We LOVE sweetcorn and onions from ours. We have tried yellow and white summer squash and they were good. Eggplant turned out good. Carrots were o.k. Peaches are good too,----did a lot of them.Melons were so-so! ( again just our opinion) but they did great as for drying process. Cucumbers worked, but I didnt like them,--neighbor thought they were great! Again personal taste!
Potatoes didnt work but I think they need to be washed after you chunk them up and we are going to try 1 more batch of them next week when we dig some more.

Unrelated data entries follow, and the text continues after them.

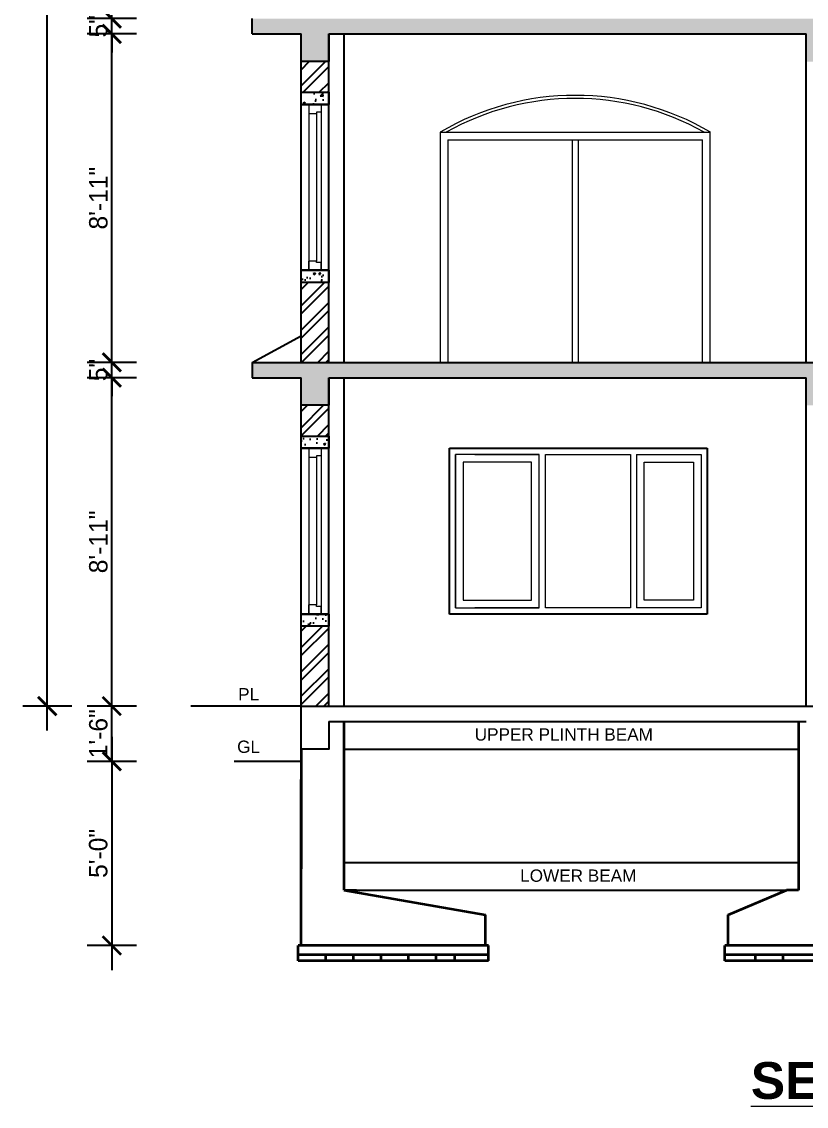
# Model space of a CAD drawing. Header units: inches. Extents: x 1397 to 20304, y -27267 to -746.
# Drawn here: x 18131.7 to 18387.2, y -21558.5 to -21205.1 of the extents above; entities that cross this region are included whole.
import ezdxf

# ---------------------------------------------------------------- set-up
doc = ezdxf.new("R2010")
doc.units = ezdxf.units.IN
doc.header["$LTSCALE"] = 17
doc.header["$MEASUREMENT"] = 0
doc.linetypes.add('ACAD_ISO02W100', pattern=[15, 12, -3])
for name, color, linetype, lineweight in [('25 BOT BAR', 12, 'Continuous', 25), ('DOOR & WIN', 1, 'Continuous', 25), ('ELEVATION', 7, 'Continuous', 25), ('OUTLINE', 1, 'Continuous', 25), ('TEXT', 231, 'Continuous', 20), ('WALL', 1, 'Continuous', 35), ('WINDOW FRAME', 161, 'Continuous', 20), ('WINDOW FRAME PLAN', 162, 'Continuous', 18)]:
    doc.layers.add(name, color=color, linetype=linetype, lineweight=lineweight)
doc.styles.add('ARCHITECTURE', font='stylu.ttf')
doc.dimstyles.new('8 SCALE', dxfattribs={"dimscale": 0, "dimtxt": 6, "dimasz": 6, "dimexe": 8, "dimexo": 8, "dimgap": 1.25, "dimtad": 1, "dimdec": 0, "dimzin": 3, "dimdsep": 46, "dimlunit": 4, "dimtxsty": 'ARCHITECTURE', "dimblk": 'ARCHTICK', "dimcen": 8, "dimdle": 8, "dimclrd": 5, "dimclre": 5, "dimclrt": 7, "dimadec": 0, "dimazin": 0, "dimtfac": 0.75, "dimtdec": 0, "dimtix": 1, "dimtmove": 2, "dimatfit": 3, "dimldrblk": 'ARCHTICK', "dimfxl": 8, "dimfxlon": 1, "dimtolj": 1, "dimtzin": 0, "dimlwd": -1, "dimlwe": -1, "dimarcsym": 0})
pattern_1 = [(50, (-1773.7966, 0), (7.1726018, -0.6275213), [0.75, -8.25]), (355, (-1773.7966, 0), (-1.3875133, 7.5219213), [0.6, -6.6]), (100.451444, (-1773.199, -0.052), (5.7850885, 6.8943999), [0.637402, -7.0114211]), (46.1842, (-1773.7966, 2), (10.6724133, -1.6551928), [1.125, -12.375]), (96.635635, (-1772.907, 1.862), (9.3466195, 9.741186), [0.9561034, -10.5171376]), (351.184164, (-1773.797, 2), (9.3466195, 9.741186), [0.9, -9.9]), (21, (-1772.7966, 1.5), (5.9690705, -4.0261889), [0.75, -8.25]), (326, (-1772.7966, 1.5), (2.4331533, 7.2515005), [0.6, -6.6]), (71.451445, (-1772.299, 1.1645), (8.4022238, 3.2253115), [0.6374019, -7.0114211]), (37.5, (-1773.7966, 0), (0.12159855, 3.32893854), [0, -6.52, 0, -6.7, 0, -6.625]), (7.5, (-1773.7966, 0), (2.63069537, 3.9441171), [0, -3.82, 0, -6.37, 0, -2.525]), (327.5, (-1776.0266, 0), (5.33822436, -0.22554872), [0, -2.5, 0, -7.8, 0, -10.35]), (317.5, (-1777.0266, 0), (5.8318617, 1.0010498), [0, -3.25, 0, -5.18, 0, -7.35])]
pattern_2 = [(45, (-1773.7966, 0), (-3.9774756, 3.9774756), []), (45, (-1771.145, 0), (-3.9774756, 3.9774756), [])]

# ---------------------------------------------------------------- blocks, each defined once
blk = doc.blocks.new('DSFFDFFD')
at = {"layer": 'ELEVATION', "linetype": 'Continuous'}
for p, q in [((-9566.27, -3437), (-9650.27, -3437)), ((-9650.27, -3437), (-9650.27, -3491)), ((-9566.27, -3491), (-9566.27, -3437)), ((-9650.27, -3491), (-9566.27, -3491))]:
    blk.add_line(p, q, dxfattribs=at)
at = {"layer": 'WINDOW FRAME'}
for p, q in [((-9627.27, -3439), (-9648.27, -3439)), ((-9648.27, -3439), (-9648.27, -3489)), ((-9629.77, -3441.5), (-9645.77, -3441.5)), ((-9645.77, -3441.5), (-9645.77, -3486.5)), ((-9629.77, -3486.5), (-9629.77, -3441.5)), ((-9627.27, -3439), (-9627.27, -3489)), ((-9597.57, -3439), (-9625.27, -3439)), ((-9625.27, -3439), (-9625.27, -3489)), ((-9597.57, -3489), (-9597.57, -3439)), ((-9574.57, -3439), (-9595.57, -3439)), ((-9595.57, -3489), (-9595.57, -3439)), ((-9595.57, -3439), (-9568.27, -3439)), ((-9595.57, -3489), (-9595.57, -3439)), ((-9593.07, -3441.5), (-9570.77, -3441.5)), ((-9593.07, -3486.5), (-9593.07, -3441.5)), ((-9570.77, -3441.5), (-9570.77, -3486.5)), ((-9568.27, -3489), (-9568.27, -3439)), ((-9568.27, -3439), (-9568.27, -3489)), ((-9645.77, -3486.5), (-9629.77, -3486.5)), ((-9570.77, -3486.5), (-9593.07, -3486.5)), ((-9648.27, -3489), (-9627.27, -3489)), ((-9625.27, -3489), (-9597.57, -3489)), ((-9595.57, -3489), (-9574.57, -3489)), ((-9568.27, -3489), (-9595.57, -3489))]:
    blk.add_line(p, q, dxfattribs=at)
blk = doc.blocks.new('_ArchTick')
at = {"color": 0, "linetype": 'ByBlock', "const_width": 0.15}
blk.add_lwpolyline([(-0.5, -0.5), (0.5, 0.5)], dxfattribs=at)
blk = doc.blocks.new('*D3120')
at = {"layer": 'Defpoints', "color": 0, "transparency": 16777216}
for p in [(18222.71, -21446.11), (18161.01, -21506.11), (18222.71, -21506.11)]:
    blk.add_point(p, dxfattribs=at)
at = {"layer": 'OUTLINE', "color": 5, "transparency": 16777216}
for p, q in [((18161.01, -21438.11), (18161.01, -21514.11)), ((18169.01, -21446.11), (18153.01, -21446.11)), ((18169.01, -21506.11), (18153.01, -21506.11))]:
    blk.add_line(p, q, dxfattribs=at)
at = {"layer": 'OUTLINE', "color": 5, "transparency": 16777216, "xscale": 6, "yscale": 6, "zscale": 6}
for p, rotation in [((18161.01, -21446.11), 90), ((18161.01, -21506.11), 270)]:
    blk.add_blockref('_ArchTick', p, dxfattribs=dict(at, rotation=rotation))
at = {"layer": 'OUTLINE', "color": 7, "transparency": 16777216, "insert": (18156.61, -21476.11), "char_height": 6, "attachment_point": 5, "rotation": 90, "style": 'ARCHITECTURE'}
blk.add_mtext('\\A1;5\'-0"', dxfattribs=at)
blk = doc.blocks.new('*D3121')
at = {"layer": 'Defpoints', "color": 0, "transparency": 16777216}
for p in [(18161.01, -21428.11), (18186.71, -21428.11), (18222.71, -21446.11)]:
    blk.add_point(p, dxfattribs=at)
at = {"layer": 'OUTLINE', "color": 5, "transparency": 16777216}
for p, q in [((18161.01, -21428.11), (18161.01, -21422.11)), ((18169.01, -21428.11), (18153.01, -21428.11)), ((18161.01, -21446.11), (18161.01, -21428.11)), ((18169.01, -21446.11), (18153.01, -21446.11)), ((18161.01, -21446.11), (18161.01, -21452.11))]:
    blk.add_line(p, q, dxfattribs=at)
at = {"layer": 'OUTLINE', "color": 5, "transparency": 16777216, "xscale": 6, "yscale": 6, "zscale": 6}
for p, rotation in [((18161.01, -21428.11), 270), ((18161.01, -21446.11), 90)]:
    blk.add_blockref('_ArchTick', p, dxfattribs=dict(at, rotation=rotation))
at = {"layer": 'OUTLINE', "color": 7, "transparency": 16777216, "insert": (18156.65, -21437.11), "char_height": 6, "attachment_point": 5, "rotation": 90, "style": 'ARCHITECTURE'}
blk.add_mtext('\\A1;1\'-6"', dxfattribs=at)
blk = doc.blocks.new('*D3122')
at = {"layer": 'Defpoints', "color": 0, "transparency": 16777216}
for p in [(18161.01, -21321.11), (18206.71, -21321.11), (18186.71, -21428.11)]:
    blk.add_point(p, dxfattribs=at)
at = {"layer": 'OUTLINE', "color": 5, "transparency": 16777216}
for p, q in [((18161.01, -21436.11), (18161.01, -21313.11)), ((18169.01, -21321.11), (18153.01, -21321.11)), ((18169.01, -21428.11), (18153.01, -21428.11))]:
    blk.add_line(p, q, dxfattribs=at)
at = {"layer": 'OUTLINE', "color": 5, "transparency": 16777216, "xscale": 6, "yscale": 6, "zscale": 6}
for p, rotation in [((18161.01, -21321.11), 90), ((18161.01, -21428.11), 270)]:
    blk.add_blockref('_ArchTick', p, dxfattribs=dict(at, rotation=rotation))
at = {"layer": 'OUTLINE', "color": 7, "transparency": 16777216, "insert": (18156.66, -21374.61), "char_height": 6, "attachment_point": 5, "rotation": 90, "style": 'ARCHITECTURE'}
blk.add_mtext('\\A1;8\'-11"', dxfattribs=at)
blk = doc.blocks.new('*D3123')
at = {"layer": 'Defpoints', "color": 0, "transparency": 16777216}
for p in [(18161.01, -21316.11), (18206.71, -21316.11), (18206.71, -21321.11)]:
    blk.add_point(p, dxfattribs=at)
at = {"layer": 'OUTLINE', "color": 5, "transparency": 16777216}
for p, q in [((18161.01, -21316.11), (18161.01, -21310.11)), ((18169.01, -21316.11), (18153.01, -21316.11)), ((18161.01, -21321.11), (18161.01, -21316.11)), ((18169.01, -21321.11), (18153.01, -21321.11)), ((18161.01, -21321.11), (18161.01, -21327.11))]:
    blk.add_line(p, q, dxfattribs=at)
at = {"layer": 'OUTLINE', "color": 5, "transparency": 16777216, "xscale": 6, "yscale": 6, "zscale": 6}
for p, rotation in [((18161.01, -21316.11), 270), ((18161.01, -21321.11), 90)]:
    blk.add_blockref('_ArchTick', p, dxfattribs=dict(at, rotation=rotation))
at = {"layer": 'OUTLINE', "color": 7, "transparency": 16777216, "insert": (18156.63, -21318.61), "char_height": 6, "attachment_point": 5, "rotation": 90, "style": 'ARCHITECTURE'}
blk.add_mtext('\\A1;5"', dxfattribs=at)
blk = doc.blocks.new('*D3124')
at = {"layer": 'Defpoints', "color": 0, "transparency": 16777216}
for p in [(18161.01, -21209.11), (18206.71, -21209.11), (18206.71, -21316.11)]:
    blk.add_point(p, dxfattribs=at)
at = {"layer": 'OUTLINE', "color": 5, "transparency": 16777216}
for p, q in [((18161.01, -21324.11), (18161.01, -21201.11)), ((18169.01, -21209.11), (18153.01, -21209.11)), ((18169.01, -21316.11), (18153.01, -21316.11))]:
    blk.add_line(p, q, dxfattribs=at)
at = {"layer": 'OUTLINE', "color": 5, "transparency": 16777216, "xscale": 6, "yscale": 6, "zscale": 6}
for p, rotation in [((18161.01, -21209.11), 90), ((18161.01, -21316.11), 270)]:
    blk.add_blockref('_ArchTick', p, dxfattribs=dict(at, rotation=rotation))
at = {"layer": 'OUTLINE', "color": 7, "transparency": 16777216, "insert": (18156.66, -21262.61), "char_height": 6, "attachment_point": 5, "rotation": 90, "style": 'ARCHITECTURE'}
blk.add_mtext('\\A1;8\'-11"', dxfattribs=at)
blk = doc.blocks.new('*D3125')
at = {"layer": 'Defpoints', "color": 0, "transparency": 16777216}
for p in [(18161.01, -21204.11), (18206.71, -21204.11), (18206.71, -21209.11)]:
    blk.add_point(p, dxfattribs=at)
at = {"layer": 'OUTLINE', "color": 5, "transparency": 16777216}
for p, q in [((18161.01, -21204.11), (18161.01, -21198.11)), ((18169.01, -21204.11), (18153.01, -21204.11)), ((18161.01, -21209.11), (18161.01, -21204.11)), ((18169.01, -21209.11), (18153.01, -21209.11)), ((18161.01, -21209.11), (18161.01, -21215.11))]:
    blk.add_line(p, q, dxfattribs=at)
at = {"layer": 'OUTLINE', "color": 5, "transparency": 16777216, "xscale": 6, "yscale": 6, "zscale": 6}
for p, rotation in [((18161.01, -21204.11), 270), ((18161.01, -21209.11), 90)]:
    blk.add_blockref('_ArchTick', p, dxfattribs=dict(at, rotation=rotation))
at = {"layer": 'OUTLINE', "color": 7, "transparency": 16777216, "insert": (18156.63, -21206.61), "char_height": 6, "attachment_point": 5, "rotation": 90, "style": 'ARCHITECTURE'}
blk.add_mtext('\\A1;5"', dxfattribs=at)
blk = doc.blocks.new('*D3126')
at = {"layer": 'Defpoints', "color": 0, "transparency": 16777216}
for p in [(18161.01, -21097.11), (18206.71, -21097.11), (18206.71, -21204.11)]:
    blk.add_point(p, dxfattribs=at)
at = {"layer": 'OUTLINE', "color": 5, "transparency": 16777216}
for p, q in [((18161.01, -21212.11), (18161.01, -21089.11)), ((18169.01, -21097.11), (18153.01, -21097.11)), ((18169.01, -21204.11), (18153.01, -21204.11))]:
    blk.add_line(p, q, dxfattribs=at)
at = {"layer": 'OUTLINE', "color": 5, "transparency": 16777216, "xscale": 6, "yscale": 6, "zscale": 6}
for p, rotation in [((18161.01, -21097.11), 90), ((18161.01, -21204.11), 270)]:
    blk.add_blockref('_ArchTick', p, dxfattribs=dict(at, rotation=rotation))
at = {"layer": 'OUTLINE', "color": 7, "transparency": 16777216, "insert": (18156.66, -21150.61), "char_height": 6, "attachment_point": 5, "rotation": 90, "style": 'ARCHITECTURE'}
blk.add_mtext('\\A1;8\'-11"', dxfattribs=at)
blk = doc.blocks.new('*D3133')
at = {"layer": 'Defpoints', "color": 0, "transparency": 16777216}
for p in [(18139.99, -20868.11), (18485.71, -20868.11), (18222.71, -21428.11)]:
    blk.add_point(p, dxfattribs=at)
at = {"layer": 'OUTLINE', "color": 5, "transparency": 16777216}
for p, q in [((18139.99, -21436.11), (18139.99, -20860.11)), ((18147.99, -20868.11), (18131.99, -20868.11)), ((18147.99, -21428.11), (18131.99, -21428.11))]:
    blk.add_line(p, q, dxfattribs=at)
at = {"layer": 'OUTLINE', "color": 5, "transparency": 16777216, "xscale": 6, "yscale": 6, "zscale": 6}
for p, rotation in [((18139.99, -20868.11), 90), ((18139.99, -21428.11), 270)]:
    blk.add_blockref('_ArchTick', p, dxfattribs=dict(at, rotation=rotation))
at = {"layer": 'OUTLINE', "color": 7, "transparency": 16777216, "insert": (18135.61, -21148.11), "char_height": 6, "attachment_point": 5, "rotation": 90, "style": 'ARCHITECTURE'}
blk.add_mtext('\\A1;46\'-8"', dxfattribs=at)

msp = doc.modelspace()

# ---------------------------------------------------------------- hatches: boundary and pattern name
at = {"layer": 'OUTLINE', "true_color": 0xf7abae}
h = msp.add_hatch(dxfattribs=at)
h.set_pattern_fill('AR-CONC', color=241)
h.set_pattern_definition(pattern_1)
h.paths.add_polyline_path([(18396.23, -21209.11), (18520.71, -21209.11), (18520.71, -21218.11), (18529.71, -21218.11), (18529.71, -21209.11), (18575.26, -21209.11), (18630.26, -21244.11), (18682.71, -21244.11), (18682.71, -21239.11), (18631.71, -21239.11), (18631.71, -21232.11), (18620.71, -21232.11), (18620.71, -21225.11), (18609.71, -21225.11), (18609.71, -21218.11), (18598.71, -21218.11), (18598.71, -21211.11), (18587.71, -21211.11), (18587.71, -21204.11), (18206.71, -21204.11), (18206.71, -21209.11), (18222.71, -21209.11), (18222.71, -21218.11), (18231.71, -21218.11), (18231.71, -21209.11), (18387.23, -21209.11), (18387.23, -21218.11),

It's a slow process. After you fill the trays and hit the go button, ----- total run time to finish is around 42 hours, average. ( different sizes and brand machines may differ) Freeze cycle is 9 hours then it switches over to dry mode and this length of time differs due to moisture content size and amount you have in the trays. ( we fill ours fairly full to make it count). Then when done and you remove the dry veggies, the machine has to defrost inside, yes defrost! It will have an inch of ice all around the inner chamber and that takes from 2 to 4 hours to melt! ---- ours usually does it in a 2 hour cycle.
One 5 tray batch removes around 2 to 3 gallons of water from the product in the trays.
They are expensive to not only buy, but to run! You have to have several gallons of vacuum pump oil on hand and change it after every load because the oil does pick up water which will destroy the pump if not changed. 
We are looking into a different hose for ours that is s'posed to lessen the water pick-up on the Harvest-right brand machine making the oil last longer.
That is about all I can think of right now so I hope this gives you a bit of help. I am just telling it like we found on our machine and I tell it like it is and will not sugarcoat anything! 
In summary, ----Do your research on whats available as for machines, --- size and amount of use will dictate your cost since they are in all ranges and sizes.
Good luck on your decision!!


----------



## Ted Jenkins (Jul 9, 2021)

I tried that with a friend some years ago and yes it was not bad. For me the effort cost and complexity seems more so than just plain canning. Canned goods are pretty cheap and fast. Order lids from Amazon get your big pots going and end up with many gallons of well preserved foods at the end of the day. Thanks


----------



## muddstopper (Jul 10, 2021)

Right now, my bigggest holdup is the cost. $3grand is a lot. We have plenty of canning jars and my wife knows how to can, so I guess we will stick to what we have always done for now.


----------



## Ted Jenkins (Jul 10, 2021)

Mudd there are some things that freeze dry cannot do. I have a few good apple trees available here which I enjoy. So apple cider and apple sauce are a couple of things that must be canned. Why not get together with a few neighbors to share cost and production. Thanks


----------



## sonny580 (Jul 10, 2021)

We not only freeze-dry but can a lot plus some in the deep freezer. Freeze-dry stuff is easier to store, ---- takes less space and is lighter in weight than jars. 
Properly dried and stored shelf life is a long time, but so is canned goods IF you have the space. We are still testing different stuff in the freeze-dryer and a lot of it comes out good, --- again personal taste, ---- some stuff we dont care for but have friends that think its great! lol! THAT is the big problem saying what is good or not so good in the different products you can do in the machines.
We mainly got ours to do our big sweet onions in, ( ya we do and use tons of onions) and since they are not keepers, the freeze-dryer solves the problem! Once dried----they will never spoil! Second thing we do a ton of is sweetcorn! Cant beat that for flavor either! ---- Eat it like popcorn if you want, put it in soup, put a little water in it and heat it up and enjoy the fresh taste.( we and a neighbor use a ton of sweetcorn)! 
Neighbor will go thru fire for the corn! lol! ---- He says its just like fresh off the ear out of the garden and totally LOVES it!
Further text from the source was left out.